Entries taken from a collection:
•••••

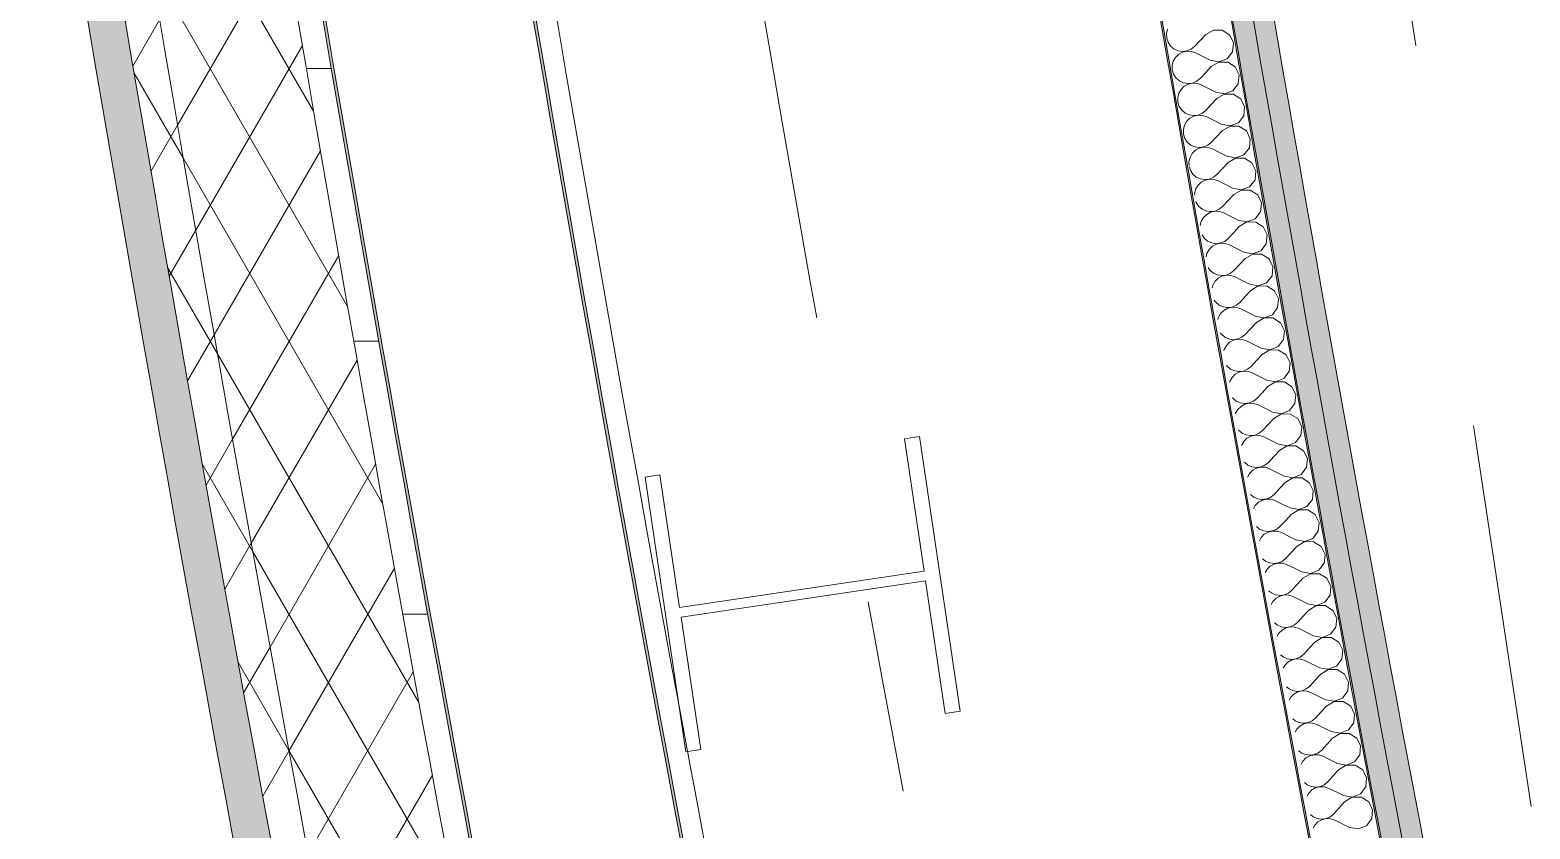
# Model space of a CAD drawing. Header units: millimetres. Extents: x -50172 to 68897, y -80883 to 956680.
# Drawn here: x -42279 to -41179, y -64158 to -63572 of the extents above; entities that cross this region are included whole.
import ezdxf
from ezdxf.enums import TextEntityAlignment as Align

# ---------------------------------------------------------------- set-up
doc = ezdxf.new("R2010")
doc.units = ezdxf.units.MM
doc.header["$MEASUREMENT"] = 0
doc.linetypes.add('Dashed', pattern=[564.444447, 282.222223, -282.222223])
doc.linetypes.add('Double Dashed', pattern=[1093.611073, 529.166651, -211.666656, 141.111112, -211.666656])
for name, color, linetype in [('A-25-M_Wall_Ext', 7, 'Continuous'), ('COLUMN.IFC Import', 7, 'Continuous'), ('New_A-15-MG_Structural_Grid_Phase_2', 7, 'Continuous'), ('New_A-25-M_Wall_Int', 7, 'Continuous')]:
    doc.layers.add(name, color=color, linetype=linetype)
for name, color, linetype, lineweight in [('A-25-M_Wall_Ext_Pen_No__1', 7, 'Continuous', 13), ('COLUMN.IFC Import_Pen_No__2', 8, 'Continuous', 15), ('New_A-25-M_Wall_Int_Pen_No__1', 7, 'Continuous', 13), ('New_A-25-M_Wall_Int_Pen_No__150', 7, 'Continuous', 0), ('New_A-95-P_Drawing_Pen_No__1', 7, 'Continuous', 13)]:
    doc.layers.add(name, color=color, linetype=linetype, lineweight=lineweight)
for name, color, linetype, lineweight, true_color in [('A-25-M_Wall_Ext_Pen_No__107', 7, 'Continuous', 15, 0xa6a6a6), ('New_A-15-MG_Structural_Grid_Phase_2_Pen_No__222', 7, 'Continuous', 13, 0x65af33), ('New_A-25-M_Wall_Int_Pen_No__107', 7, 'Continuous', 15, 0xa6a6a6), ('New_A-25-M_Wall_Int_Pen_No__81', 7, 'Continuous', 20, 0x6a6a6a)]:
    doc.layers.add(name, color=color, linetype=linetype, lineweight=lineweight, true_color=true_color)
doc.styles.add('GENERATED_STYLE_4', font='')
doc.styles.get('GENERATED_STYLE_4').set_extended_font_data('Swis721 BT')
pattern_1 = [(60, (0, 0), (-43.30127, 25), []), (120, (0, 0), (43.30127, 25), [])]

# ---------------------------------------------------------------- blocks, each defined once
blk = doc.blocks.new('*X337')
at = {"layer": 'New_A-25-M_Wall_Int_Pen_No__150', "linetype": 'Continuous'}
for p, q in [((-41445, -63571), (-41445.8, -63574.2)), ((-41411.5, -63571.7), (-41417.1, -63575)), ((-41405, -63571.8), (-41411.5, -63571.7)), ((-41399.5, -63575.3), (-41405, -63571.8)), ((-41445.8, -63574.2), (-41445.7, -63577.5)), ((-41445.7, -63577.5), (-41444.7, -63580.6)), ((-41444.7, -63580.6), (-41442.9, -63583.4)), ((-41442.9, -63583.4), (-41440.4, -63585.5)), ((-41427.8, -63585.7), (-41425.3, -63583.7)), ((-41421.2, -63579.3), (-41425.3, -63583.7)), ((-41417.1, -63575), (-41421.2, -63579.3)), ((-41396.7, -63581.1), (-41399.5, -63575.3)), ((-41397.4, -63587.6), (-41396.7, -63581.1)), ((-41440.9, -63594.5), (-41441.7, -63597.7)), ((-41439.3, -63591.7), (-41440.9, -63594.5)), ((-41440.4, -63585.5), (-41437.4, -63586.9)), ((-41436.9, -63589.4), (-41439.3, -63591.7)), ((-41437.4, -63586.9), (-41434.1, -63587.4)), ((-41434.1, -63587.8), (-41436.9, -63589.4)), ((-41434.1, -63587.4), (-41430.9, -63587)), ((-41430.8, -63587.1), (-41434.1, -63587.8)), ((-41430.9, -63587), (-41427.8, -63585.7)), ((-41427.6, -63587.3), (-41430.8, -63587.1)), ((-41424.5, -63588.4), (-41427.6, -63587.3)), ((-41419.2, -63591.1), (-41424.5, -63588.4)), ((-41413.9, -63593.8), (-41419.2, -63591.1)), ((-41413.9, -63593.8), (-41407.5, -63595)), ((-41407.5, -63595), (-41401.4, -63592.7)), ((-41401.4, -63592.7), (-41397.4, -63587.6)), ((-41441.7, -63597.7), (-41441.6, -63601)), ((-41441.6, -63601), (-41440.6, -63604.1)), ((-41440.6, -63604.1), (-41438.8, -63606.9)), ((-41417.1, -63602.8), (-41421.2, -63607.1)), ((-41413, -63598.5), (-41417.1, -63602.8)), ((-41407.5, -63595.1), (-41413, -63598.5)), ((-41401, -63595.2), (-41407.5, -63595.1)), ((-41395.5, -63598.7), (-41401, -63595.2)), ((-41392.6, -63604.6), (-41395.5, -63598.7)), ((-41393.3, -63611.1), (-41392.6, -63604.6)), ((-41438.8, -63606.9), (-41436.3, -63609)), ((-41435.2, -63615.2), (-41436.8, -63618)), ((-41436.3, -63609), (-41433.3, -63610.4)), ((-41432.9, -63612.9), (-41435.2, -63615.2)), ((-41433.3, -63610.4), (-41430, -63610.9)), ((-41430, -63611.3), (-41432.9, -63612.9)), ((-41430, -63610.9), (-41426.8, -63610.5)), ((-41426.8, -63610.6), (-41430, -63611.3)), ((-41426.8, -63610.5), (-41423.8, -63609.2)), ((-41423.5, -63610.8), (-41426.8, -63610.6)), ((-41423.8, -63609.2), (-41421.2, -63607.1)), ((-41420.4, -63611.8), (-41423.5, -63610.8)), ((-41415.1, -63614.5), (-41420.4, -63611.8)), ((-41409.8, -63617.2), (-41415.1, -63614.5)), ((-41403.4, -63618.5), (-41397.3, -63616.2)), ((-41397.3, -63616.2), (-41393.3, -63611.1)), ((-41436.8, -63618), (-41437.6, -63621.2)), ((-41437.6, -63621.2), (-41437.5, -63624.5)), ((-41437.5, -63624.5), (-41436.5, -63627.6)), ((-41436.5, -63627.6), (-41434.7, -63630.4)), ((-41413, -63626.3), (-41417.1, -63630.6)), ((-41409, -63621.9), (-41413, -63626.3)), ((-41409.8, -63617.2), (-41403.4, -63618.5)), ((-41403.4, -63618.6), (-41409, -63621.9)), ((-41396.9, -63618.7), (-41403.4, -63618.6)), ((-41391.4, -63622.2), (-41396.9, -63618.7)), ((-41388.6, -63628), (-41391.4, -63622.2)), ((-41434.7, -63630.4), (-41432.2, -63632.5)), ((-41431.1, -63638.6), (-41432.7, -63641.5)), ((-41432.2, -63632.5), (-41429.2, -63633.9)), ((-41428.8, -63636.3), (-41431.1, -63638.6)), ((-41429.2, -63633.9), (-41426, -63634.4)), ((-41425.9, -63634.8), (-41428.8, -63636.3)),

•••••

### ASSIGNED TASK
Type out the entries again without a single change, and leave the pictures out.

### THE ANSWER
# Model space of a CAD drawing. Header units: millimetres. Extents: x -50172 to 68897, y -80883 to 956680.
# Drawn here: x -42279 to -41179, y -64158 to -63572 of the extents above; entities that cross this region are included whole.
import ezdxf
from ezdxf.enums import TextEntityAlignment as Align

# ---------------------------------------------------------------- set-up
doc = ezdxf.new("R2010")
doc.units = ezdxf.units.MM
doc.header["$MEASUREMENT"] = 0
doc.linetypes.add('Dashed', pattern=[564.444447, 282.222223, -282.222223])
doc.linetypes.add('Double Dashed', pattern=[1093.611073, 529.166651, -211.666656, 141.111112, -211.666656])
for name, color, linetype in [('A-25-M_Wall_Ext', 7, 'Continuous'), ('COLUMN.IFC Import', 7, 'Continuous'), ('New_A-15-MG_Structural_Grid_Phase_2', 7, 'Continuous'), ('New_A-25-M_Wall_Int', 7, 'Continuous')]:
    doc.layers.add(name, color=color, linetype=linetype)
for name, color, linetype, lineweight in [('A-25-M_Wall_Ext_Pen_No__1', 7, 'Continuous', 13), ('COLUMN.IFC Import_Pen_No__2', 8, 'Continuous', 15), ('New_A-25-M_Wall_Int_Pen_No__1', 7, 'Continuous', 13), ('New_A-25-M_Wall_Int_Pen_No__150', 7, 'Continuous', 0), ('New_A-95-P_Drawing_Pen_No__1', 7, 'Continuous', 13)]:
    doc.layers.add(name, color=color, linetype=linetype, lineweight=lineweight)
for name, color, linetype, lineweight, true_color in [('A-25-M_Wall_Ext_Pen_No__107', 7, 'Continuous', 15, 0xa6a6a6), ('New_A-15-MG_Structural_Grid_Phase_2_Pen_No__222', 7, 'Continuous', 13, 0x65af33), ('New_A-25-M_Wall_Int_Pen_No__107', 7, 'Continuous', 15, 0xa6a6a6), ('New_A-25-M_Wall_Int_Pen_No__81', 7, 'Continuous', 20, 0x6a6a6a)]:
    doc.layers.add(name, color=color, linetype=linetype, lineweight=lineweight, true_color=true_color)
doc.styles.add('GENERATED_STYLE_4', font='')
doc.styles.get('GENERATED_STYLE_4').set_extended_font_data('Swis721 BT')
pattern_1 = [(60, (0, 0), (-43.30127, 25), []), (120, (0, 0), (43.30127, 25), [])]

# ---------------------------------------------------------------- blocks, each defined once
blk = doc.blocks.new('*X337')
at = {"layer": 'New_A-25-M_Wall_Int_Pen_No__150', "linetype": 'Continuous'}
for p, q in [((-41445, -63571), (-41445.8, -63574.2)), ((-41411.5, -63571.7), (-41417.1, -63575)), ((-41405, -63571.8), (-41411.5, -63571.7)), ((-41399.5, -63575.3), (-41405, -63571.8)), ((-41445.8, -63574.2), (-41445.7, -63577.5)), ((-41445.7, -63577.5), (-41444.7, -63580.6)), ((-41444.7, -63580.6), (-41442.9, -63583.4)), ((-41442.9, -63583.4), (-41440.4, -63585.5)), ((-41427.8, -63585.7), (-41425.3, -63583.7)), ((-41421.2, -63579.3), (-41425.3, -63583.7)), ((-41417.1, -63575), (-41421.2, -63579.3)), ((-41396.7, -63581.1), (-41399.5, -63575.3)), ((-41397.4, -63587.6), (-41396.7, -63581.1)), ((-41440.9, -63594.5), (-41441.7, -63597.7)), ((-41439.3, -63591.7), (-41440.9, -63594.5)), ((-41440.4, -63585.5), (-41437.4, -63586.9)), ((-41436.9, -63589.4), (-41439.3, -63591.7)), ((-41437.4, -63586.9), (-41434.1, -63587.4)), ((-41434.1, -63587.8), (-41436.9, -63589.4)), ((-41434.1, -63587.4), (-41430.9, -63587)), ((-41430.8, -63587.1), (-41434.1, -63587.8)), ((-41430.9, -63587), (-41427.8, -63585.7)), ((-41427.6, -63587.3), (-41430.8, -63587.1)), ((-41424.5, -63588.4), (-41427.6, -63587.3)), ((-41419.2, -63591.1), (-41424.5, -63588.4)), ((-41413.9, -63593.8), (-41419.2, -63591.1)), ((-41413.9, -63593.8), (-41407.5, -63595)), ((-41407.5, -63595), (-41401.4, -63592.7)), ((-41401.4, -63592.7), (-41397.4, -63587.6)), ((-41441.7, -63597.7), (-41441.6, -63601)), ((-41441.6, -63601), (-41440.6, -63604.1)), ((-41440.6, -63604.1), (-41438.8, -63606.9)), ((-41417.1, -63602.8), (-41421.2, -63607.1)), ((-41413, -63598.5), (-41417.1, -63602.8)), ((-41407.5, -63595.1), (-41413, -63598.5)), ((-41401, -63595.2), (-41407.5, -63595.1)), ((-41395.5, -63598.7), (-41401, -63595.2)), ((-41392.6, -63604.6), (-41395.5, -63598.7)), ((-41393.3, -63611.1), (-41392.6, -63604.6)), ((-41438.8, -63606.9), (-41436.3, -63609)), ((-41435.2, -63615.2), (-41436.8, -63618)), ((-41436.3, -63609), (-41433.3, -63610.4)), ((-41432.9, -63612.9), (-41435.2, -63615.2)), ((-41433.3, -63610.4), (-41430, -63610.9)), ((-41430, -63611.3), (-41432.9, -63612.9)), ((-41430, -63610.9), (-41426.8, -63610.5)), ((-41426.8, -63610.6), (-41430, -63611.3)), ((-41426.8, -63610.5), (-41423.8, -63609.2)), ((-41423.5, -63610.8), (-41426.8, -63610.6)), ((-41423.8, -63609.2), (-41421.2, -63607.1)), ((-41420.4, -63611.8), (-41423.5, -63610.8)), ((-41415.1, -63614.5), (-41420.4, -63611.8)), ((-41409.8, -63617.2), (-41415.1, -63614.5)), ((-41403.4, -63618.5), (-41397.3, -63616.2)), ((-41397.3, -63616.2), (-41393.3, -63611.1)), ((-41436.8, -63618), (-41437.6, -63621.2)), ((-41437.6, -63621.2), (-41437.5, -63624.5)), ((-41437.5, -63624.5), (-41436.5, -63627.6)), ((-41436.5, -63627.6), (-41434.7, -63630.4)), ((-41413, -63626.3), (-41417.1, -63630.6)), ((-41409, -63621.9), (-41413, -63626.3)), ((-41409.8, -63617.2), (-41403.4, -63618.5)), ((-41403.4, -63618.6), (-41409, -63621.9)), ((-41396.9, -63618.7), (-41403.4, -63618.6)), ((-41391.4, -63622.2), (-41396.9, -63618.7)), ((-41388.6, -63628), (-41391.4, -63622.2)), ((-41434.7, -63630.4), (-41432.2, -63632.5)), ((-41431.1, -63638.6), (-41432.7, -63641.5)), ((-41432.2, -63632.5), (-41429.2, -63633.9)), ((-41428.8, -63636.3), (-41431.1, -63638.6)), ((-41429.2, -63633.9), (-41426, -63634.4)), ((-41425.9, -63634.8), (-41428.8, -63636.3)),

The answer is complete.